Election 2010 - The Tea Party

Discussion in 'General Discussion' started by ghrit, Aug 17, 2010.


  1. bnmb

    bnmb On Hiatus Banned


    Yugoslavia was actually an attempt to bring peace between Serbs and Croats, but millenniums of hostilities just can't go away in 50 years. You must understand that communism was not being used as a tool. It would turn out the same no matter what system we had, simply because we didn't go to war over economic or ideologic differences, but strictly nationalistic and religious! Whether it was communist, capitalist or even feudal system, that was NOT the problem!
    We had 3 religions in a small space, muslim, catholic and orthodox...Plus Serbs and Croats are in conflict like forever! In WW2 croats were with Nazis, and they killed over 700.000 Serbs, Jews and Gypsies in concentration camps! Serbs will never forget that, I can guarantee you that much! And all that talk about "Balkanization"...west is trying to picture people from the Balkan Peninsula like barbarians and savages! And yet we have history going back for 6000 years! From tribal times! We had dynasties, kings, czars and culture when Europe was a bunch of savage tribes! We invented the cutlery for god sakes! Fork was first used in Serbian Royal court! And now we are barbarians?
    Forget all the things you red about Balkans and communism...It's all propaganda anyways! We just had to be portrayed like that so US and NATO could justify bombing us!
    Do you now about the conflict in Macedonia with the Albanians? When it started, we thought that we'll destroy the terrorists fast...and we started doing a pretty good job.... And then US interfered! US sent their trainers to train the terrorists in the woods! US armed them with latest gear and weaponry! And all that didn't help them...we still kicked their butts!
    Then Solana came and told our government that we will be bombed by NATO immediately if we don't back off and leave the poor terrorists alone! And we weren't allowed to call them terrorists anymore! Wasn't good for US image!...supporting terrorists and all...
    Next thing we know, we were ordered NOT to shoot at the terrorists, under threat of imprisonment for disobeying orders!!!! Imagine us in a trench, terrorists shooting at us with machine guns, 50 cal US snipers and mortars, and we are forbidden to defend ourselves and ordered NOT to shoot back!

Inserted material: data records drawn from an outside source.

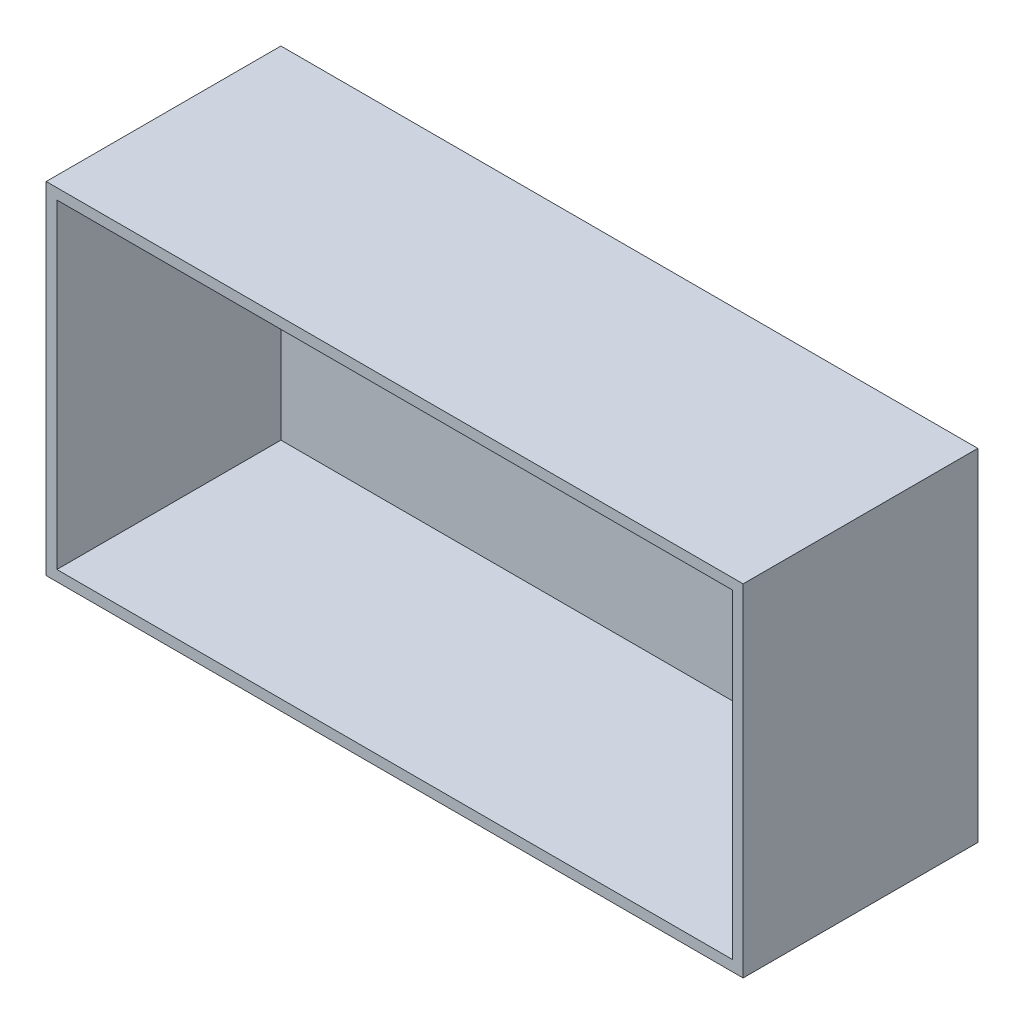
SolidWorks part; units mm, degrees
ref_plane "Front Plane" through (0, 0, 0) normal (0, 0, 1) x (1, 0, 0)
ref_plane "Top Plane" through (0, 0, 0) normal (0, 1, 0) x (1, 0, 0)
ref_plane "Right Plane" through (0, 0, 0) normal (1, 0, 0) x (0, 0, -1)
sketch "Sketch1" plane through (0, 0, 0) normal (0, 0, 1) x (1, 0, 0)
  line L1 (0, 0) -> (196, 0)
  line L2 (0, 0) -> (0, 96)
  line L3 (0, 96) -> (196, 96)
  line L4 (196, 0) -> (196, 96)
  line L5 (3, 3) -> (193, 3)
  line L6 (3, 3) -> (3, 93)
  line L7 (3, 93) -> (193, 93)
  line L8 (193, 3) -> (193, 93)
  dimension "D1" = 3
  dimension "D2" = 193
  dimension "D3" = 196
  dimension "D4" = 3
  dimension "D5" = 93
  dimension "D6" = 96
extrude "Profile" add sketch "Sketch1" along normal blind 66
sketch "Sketch2" plane through (0, 0, 0) normal (0, 0, 1) x (1, 0, 0)
  line L1 (3, 3) -> (193, 3)
  line L2 (3, 3) -> (3, 93)
  line L3 (3, 93) -> (193, 93)
  line L4 (193, 3) -> (193, 93)
extrude "Back" add sketch "Sketch2" along normal blind 3
equation "\"Profile_Depth\" = 66mm"
equation "\"D1@Profile\" = \"Profile_Depth\""
equation "\"Profile_Sketch_1\" = 3mm"
equation "\"D1@Sketch1\" = \"Profile_Sketch_1\""
equation "\"Profile_Sketch_2\" = 193mm"
equation "\"D2@Sketch1\" = \"Profile_Sketch_2\""
equation "\"Profile_Sketch_3\" = 196mm"
equation "\"D3@Sketch1\" = \"Profile_Sketch_3\""
equation "\"Profile_Sketch_4\" = 3mm"
equation "\"D4@Sketch1\" = \"Profile_Sketch_4\""
equation "\"Profile_Sketch_5\" = 93mm"
equation "\"D5@Sketch1\" = \"Profile_Sketch_5\""
equation "\"Profile_Sketch_6\" = 96mm"
equation "\"D6@Sketch1\" = \"Profile_Sketch_6\""
equation "\"Back_Depth\" = 3mm"
equation "\"D1@Back\" = \"Back_Depth\""
equation "\"EnvelopeWidth\" = 196mm"
equation "\"EnvelopeHeight\" = 96mm"

Terrorists ethnically cleansed a village on the outskirts of my city...kicked out or killed all non-albanians out. Our police (not Army!) decided to take them out...
    They surrounded the village, just ready to bust in when..."UN-CIA" people showed up and demanded for the police to stop. Police chief told them to stuff it, so then they asked for one hour pause...
    15 minutes later, 11 buses from US camp arrive, with covered windows...
    They board in all the terrorists and their US trainers, and drove them out!
    Police found only empty village...
    Doesn't matter...what goes around, comes around...but after all the bull and propaganda, I don't trust anyone anymore...

    Peace... [freedom]
     
  2. Brokor

    Brokor Live Free or Cry Moderator Site Supporter+++ Founding Member

    I already knew about this. I think it also further proves my point. It wasn't the first time the US secret government has intervened, and it won't be the last.
     
  3. bnmb

    bnmb On Hiatus Banned

    Unfortunately...But I'm very happy that at least some people outside know what was happening!...
     
  4. ghrit

    ghrit Bad company Administrator Founding Member

    Something to consider in November

    "A STRANGER IN OUR MIDST" American Thinker, April 29, 2010
    The following essay by Robert Weissberg, Professor of Political Science - Emeritus at the University of Illinois, Urbana, offers a description of what most Americans are feeling about our government, but haven't been able to articulate. Every once in awhile, someone comes along and uses just the right words to describe a situation. This is it.

    April 29, 2010

    A Stranger in Our Midst

    By Robert Weissberg, Professor of Political Science - Emeritus at the University of Illinois , Urbana

    As the Obama administration enters its second year, I -- and undoubtedly millions of others -- have struggled to develop a shorthand term that captures our emotional unease. Defining this discomfort is tricky. I reject nearly the entire Obama agenda, but the term "being opposed" lacks an emotional punch. Nor do terms like "worried" or "anxious" apply. I was more worried about America 's future during the Johnson or Carter years, so it's not that dictionary, either. Nor, for that matter, is this about backroom odious deal-making and pork, which are endemic in American politics.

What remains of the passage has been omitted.